For many years, the conventional wisdom with asset location has been that, if you have to hold some investments in taxable accounts (as opposed to being able to keep everything in retirement accounts), it’s better to hold stocks rather than bonds in the taxable account, given the favorable tax treatment of qualified dividends and long-term capital gains.
This conventional wisdom overlooks the fact that tax efficiency depends not only on the tax rate you would have to pay on the income generated, but also on the amount of income generated.
As an extreme example: If you own 1-month Treasury bills, yes, they generate interest that is fully taxable at the federal level, but the amount of that interest is so small that the total return lost to taxes will actually be quite low.
Calculating Expected Tax Costs
When deciding which fund(s) you will hold in your taxable account, it can be helpful to calculate the approximate tax cost for each of your various holdings.
For example, if you live in Missouri and you’re in the 25% federal tax bracket and 6% state tax bracket:
- Ordinary interest income would be taxable at a 25% federal tax rate and 6% state tax rate,
- Treasury bond interest would be taxable at a 25% federal tax rate but untaxed at the state level, and
- Qualified dividends and long-term capital gains would be taxed at a 15% federal tax rate and 6% state tax rate.
So, we can use that information to get a rough estimate of the tax cost you would likely incur as a result of holding various funds in a taxable account.
- Vanguard Short-Term Treasury Fund (with an SEC yield of 0.48%) would have a tax cost of approximately 0.12% per year (i.e., 25% of the 0.48% yield).
- Vanguard Intermediate-Term Treasury Fund (with an SEC yield of 0.95%) would have a tax cost of approximately 0.24% per year (i.e., 25% of the 0.95% yield).

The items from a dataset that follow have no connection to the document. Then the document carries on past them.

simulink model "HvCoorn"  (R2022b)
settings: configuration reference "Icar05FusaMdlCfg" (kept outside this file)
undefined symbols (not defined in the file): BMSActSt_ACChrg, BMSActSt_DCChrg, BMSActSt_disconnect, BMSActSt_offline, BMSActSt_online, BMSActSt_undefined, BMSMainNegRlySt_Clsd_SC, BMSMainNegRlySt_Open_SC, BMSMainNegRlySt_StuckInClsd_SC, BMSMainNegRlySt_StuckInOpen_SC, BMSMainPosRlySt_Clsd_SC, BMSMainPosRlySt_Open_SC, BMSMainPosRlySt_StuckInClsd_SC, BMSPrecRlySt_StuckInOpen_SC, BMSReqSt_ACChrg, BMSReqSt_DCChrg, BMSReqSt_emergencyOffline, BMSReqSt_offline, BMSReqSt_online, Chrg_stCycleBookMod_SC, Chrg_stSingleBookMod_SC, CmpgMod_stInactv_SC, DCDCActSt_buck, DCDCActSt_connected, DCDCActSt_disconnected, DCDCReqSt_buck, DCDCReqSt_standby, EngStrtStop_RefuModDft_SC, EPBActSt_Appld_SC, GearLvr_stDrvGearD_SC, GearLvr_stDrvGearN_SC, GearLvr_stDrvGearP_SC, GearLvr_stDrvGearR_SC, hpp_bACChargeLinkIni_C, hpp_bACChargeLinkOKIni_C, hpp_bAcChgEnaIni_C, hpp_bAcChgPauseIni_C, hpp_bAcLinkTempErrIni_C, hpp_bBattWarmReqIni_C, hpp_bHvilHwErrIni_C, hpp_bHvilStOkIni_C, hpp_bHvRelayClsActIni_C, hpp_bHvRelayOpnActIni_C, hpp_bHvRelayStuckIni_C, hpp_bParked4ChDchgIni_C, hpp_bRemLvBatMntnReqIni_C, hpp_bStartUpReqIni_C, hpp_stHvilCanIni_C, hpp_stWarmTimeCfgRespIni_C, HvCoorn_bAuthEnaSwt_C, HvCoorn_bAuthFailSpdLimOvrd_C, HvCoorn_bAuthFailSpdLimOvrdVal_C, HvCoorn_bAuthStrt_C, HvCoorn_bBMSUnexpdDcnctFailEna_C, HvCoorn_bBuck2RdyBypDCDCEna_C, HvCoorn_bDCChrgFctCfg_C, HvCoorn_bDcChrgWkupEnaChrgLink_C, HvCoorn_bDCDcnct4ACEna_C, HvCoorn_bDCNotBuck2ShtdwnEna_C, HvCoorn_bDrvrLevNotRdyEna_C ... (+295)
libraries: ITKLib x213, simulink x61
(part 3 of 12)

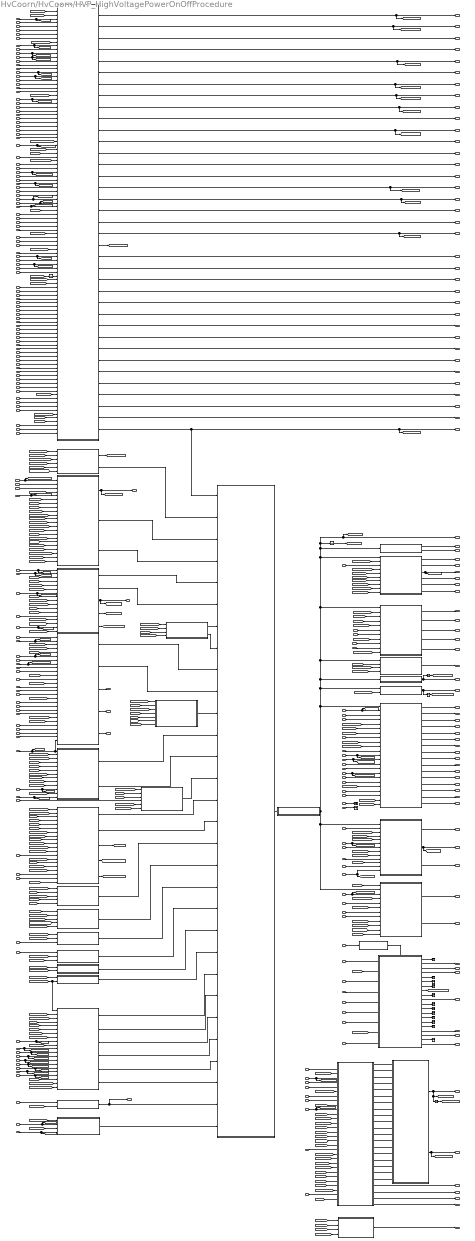
== system HvCoorn/HvCoorn/HVP_HighVoltagePowerOnOffProcedure ==
  idi_bKeyOn : Inport
  ian_uSupBattVolt : Inport  Port=2
  ian_tAcChrgrL1Temp : Inport  Port=3
  ian_tAcChrgrNTemp : Inport  Port=4
  ian_tDcChrgrTemp1 : Inport  Port=5
  ian_tDcChrgrTemp2 : Inport  Port=6
  icbms_bDcChrgWkup : Inport  Port=7
  icbms_bPrecResOverTemp : Inport  Port=8
  icbms_iHVBat : Inport  Port=9
  icbms_uHVBat : Inport  Port=10
  icbms_bBatACChrgFull : Inport  Port=11  OutDataTypeStr=boolean
  icbms_bStHvilSigErr : Inport  Port=12  OutDataTypeStr=boolean
  icbms_stHvBat : Inport  Port=13
  icbms_stHvil : Inport  Port=14  OutDataTypeStr=uint8
  icbms_stMainNegRly : Inport  Port=15  OutDataTypeStr=uint8
  icbms_stMainPosRly : Inport  Port=16  OutDataTypeStr=uint8
  icbms_stPrecRly : Inport  Port=17  OutDataTypeStr=uint8
  icbms_stDcChrgrCnct : Inport  Port=18
  icbms_bBatDCChrgFull : Inport  Port=19
  icbms_uDcChgrCap : Inport  Port=20
  icbms_iDcChgrCap : Inport  Port=21
  icecc_bStalHeatReq : Inport  Port=22
  icrm_stPlsHeatg : Inport  Port=23
  icrm_stStalHeatg : Inport  Port=24
  icbms_stDcChrg : Inport  Port=25
  icbms_bDcChrgCfg : Inport  Port=26
  icdc_bUHvActSigErr : Inport  Port=27
  icdc_stMode : Inport  Port=28
  icdc_uHvAct : Inport  Port=29
  icdc_bStHvilSigErr : Inport  Port=30  OutDataTypeStr=boolean
  icdc_stHvil : Inport  Port=31  OutDataTypeStr=uint8
  icfm_bUActSigErr : Inport  Port=32
  icfm_nAct : Inport  Port=33
  icfm_stMode : Inport  Port=34
  icfm_stActvDchrg : Inport  Port=35
  icfm_uAct : Inport  Port=36
  icrm_bUActSigErr : Inport  Port=37
  icrm_nAct : Inport  Port=38
  icrm_stMode : Inport  Port=39
  icrm_stActvDchrg : Inport  Port=40
  icrm_uAct : Inport  Port=41
  icobc_bUHvDcActSigErr : Inport  Port=42
  icobc_stChrgrCnct : Inport  Port=43
  icobc_stOBCMode : Inport  Port=44
  icobc_uHvDcAct : Inport  Port=45
  icobc_bChrgrCtrlSigCnct : Inport  Port=46  OutDataTypeStr=boolean
  icobc_bStAcHvilSigErr : Inport  Port=47  OutDataTypeStr=boolean
  icobc_pwrChrgMax : Inport  Port=48
  icobc_stHvil : Inport  Port=49  OutDataTypeStr=uint8
  icobc_uChrgrCtrlSigVolt : Inport  Port=50
  idi_bKeyStrt : Inport  Port=51
  BrkPedDev_bBrk : Inport  Port=52
  idi_bHvilInput : Inport  Port=53  OutDataTypeStr=boolean
  icacu_stWarmTime : Inport  Port=54  OutDataTypeStr=uint8
  icepb_stEpbSys : Inport  Port=55  OutDataTypeStr=uint8
  iczcu_stRmtChrgReq : Inport  Port=56
  Chrg_stBookChrgMod : Inport  Port=57  OutDataTypeStr=uint8
  ictel_stHvBatPrecdng : Inport  Port=58  OutDataTypeStr=uint8
  inv_stHvBattWarmTime : Inport  Port=59
  iud_stVCUImmo : Inport  Port=60
  iud_bNoHVHWarmTiCfg : Inport  Port=61  OutDataTypeStr=boolean
  iud_bNoHVHConfig : Inport  Port=62  OutDataTypeStr=boolean
  iud_stOBCWakeUpOrigin : Inport  Port=63  OutDataTypeStr=uint8
  iud_stRemoteImmo : Inport  Port=64  OutDataTypeStr=uint8
  PwrLimBatt_pwrMaxHvesDChrg : Inport  Port=65
  GearLvr_stDrvGear : Inport  Port=66
  VehSpd_vVeh : Inport  Port=67
  Chrg_stChrg : Inport  Port=68
  Chrg_bACChrgCmpl : Inport  Port=69  OutDataTypeStr=boolean
  Chrg_bDCChrgCmpl : Inport  Port=70
  std_tExterTemp : Inport  Port=71
  tcj_bHvBatPrecdngFinish : Inport  Port=72  OutDataTypeStr=boolean
  VehCfg_bFrntMotByp : Inport  Port=73
  Chrg_bChrgErrForever : Inport  Port=74
  icbms_bHvShutOffReq : Inport  Port=75
  iczcu_bHVPwrOffReq : Inport  Port=76
  icbms_bPlsHeatReq : Inport  Port=77
  icecc_bHVReq : Inport  Port=78
  icbms_uDCLnk : Inport  Port=79
  icbms_stPrechrgMod : Inport  Port=80
  DTC_bDiagRst : Inport  Port=81
  DTC_bDiagEnaCdnWkupLong : Inport  Port=82
  ipf_bPCAN0x130Vld : Inport  Port=83
  ipf_bPCAN0x111S1Vld : Inport  Port=84
  ipf_bPCAN0x110S1Vld : Inport  Port=85
  ipf_bPCANBusOffErr : Inport  Port=86
  icecc_bWPTCHvilFlt : Inport  Port=87
  icecc_bEASHvilFlt : Inport  Port=88
  ipf_bPCAN0x353Vld : Inport  Port=89
  DTC_bDiagEnaCdnWkupSho : Inport  Port=90
  iczcu_stFMCUAuthent : Inport  Port=91
  DrvMod_bVehShowMod : Inport  Port=92
  icicm_bPwrOffReq : Inport  Port=93
  icisg_nAct : Inport  Port=94
  ved_bInhbHvOn : Inport  Port=95
  ved_bInhbRdy : Inport  Port=96
  ved_bHvShtdwn : Inport  Port=97
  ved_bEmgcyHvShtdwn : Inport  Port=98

- Vanguard Total Stock Market Index Fund (with an SEC yield of 1.84%) would have a tax cost of approximately 0.39% per year (i.e., 21% of the yield, given a 6% state tax rate and 15% federal tax rate).
In other words, the stock fund will probably result in a higher tax cost than either of the Treasury funds, and that’s not even including the eventual capital gains tax that you will (probably) owe on price appreciation for the stock fund.
Figuring out a ballpark estimate of the tax cost for something like Vanguard Total Bond Market Index Fund is a bit trickier, because approximately 40% of the fund is invested in Treasury bonds (which aren’t taxed at the state level), while the rest of the fund is invested in bonds that are taxed at the state level. The fund currently has an SEC yield of 1.74%. We can multiply 40% of that yield by a tax rate of 25% and the remaining 60% of that yield by a tax rate of 31% to determine that the fund would have a tax cost of very roughly 0.50%. But this understates the cost somewhat because the Treasury bonds account for less than 40% of the yield despite being 40% of the portfolio.
In short, the idea that stocks are more tax-efficient than bonds is only sometimes true. It depends which bonds and which stocks we’re talking about. And it depends on whether interest rates (and dividend yields) are currently high or low. With interest rates as low as they are right now, bonds are more tax-efficient than they would otherwise be. And as you can see above, some taxpayers will find that certain taxable bond funds are currently more tax-efficient than stock funds.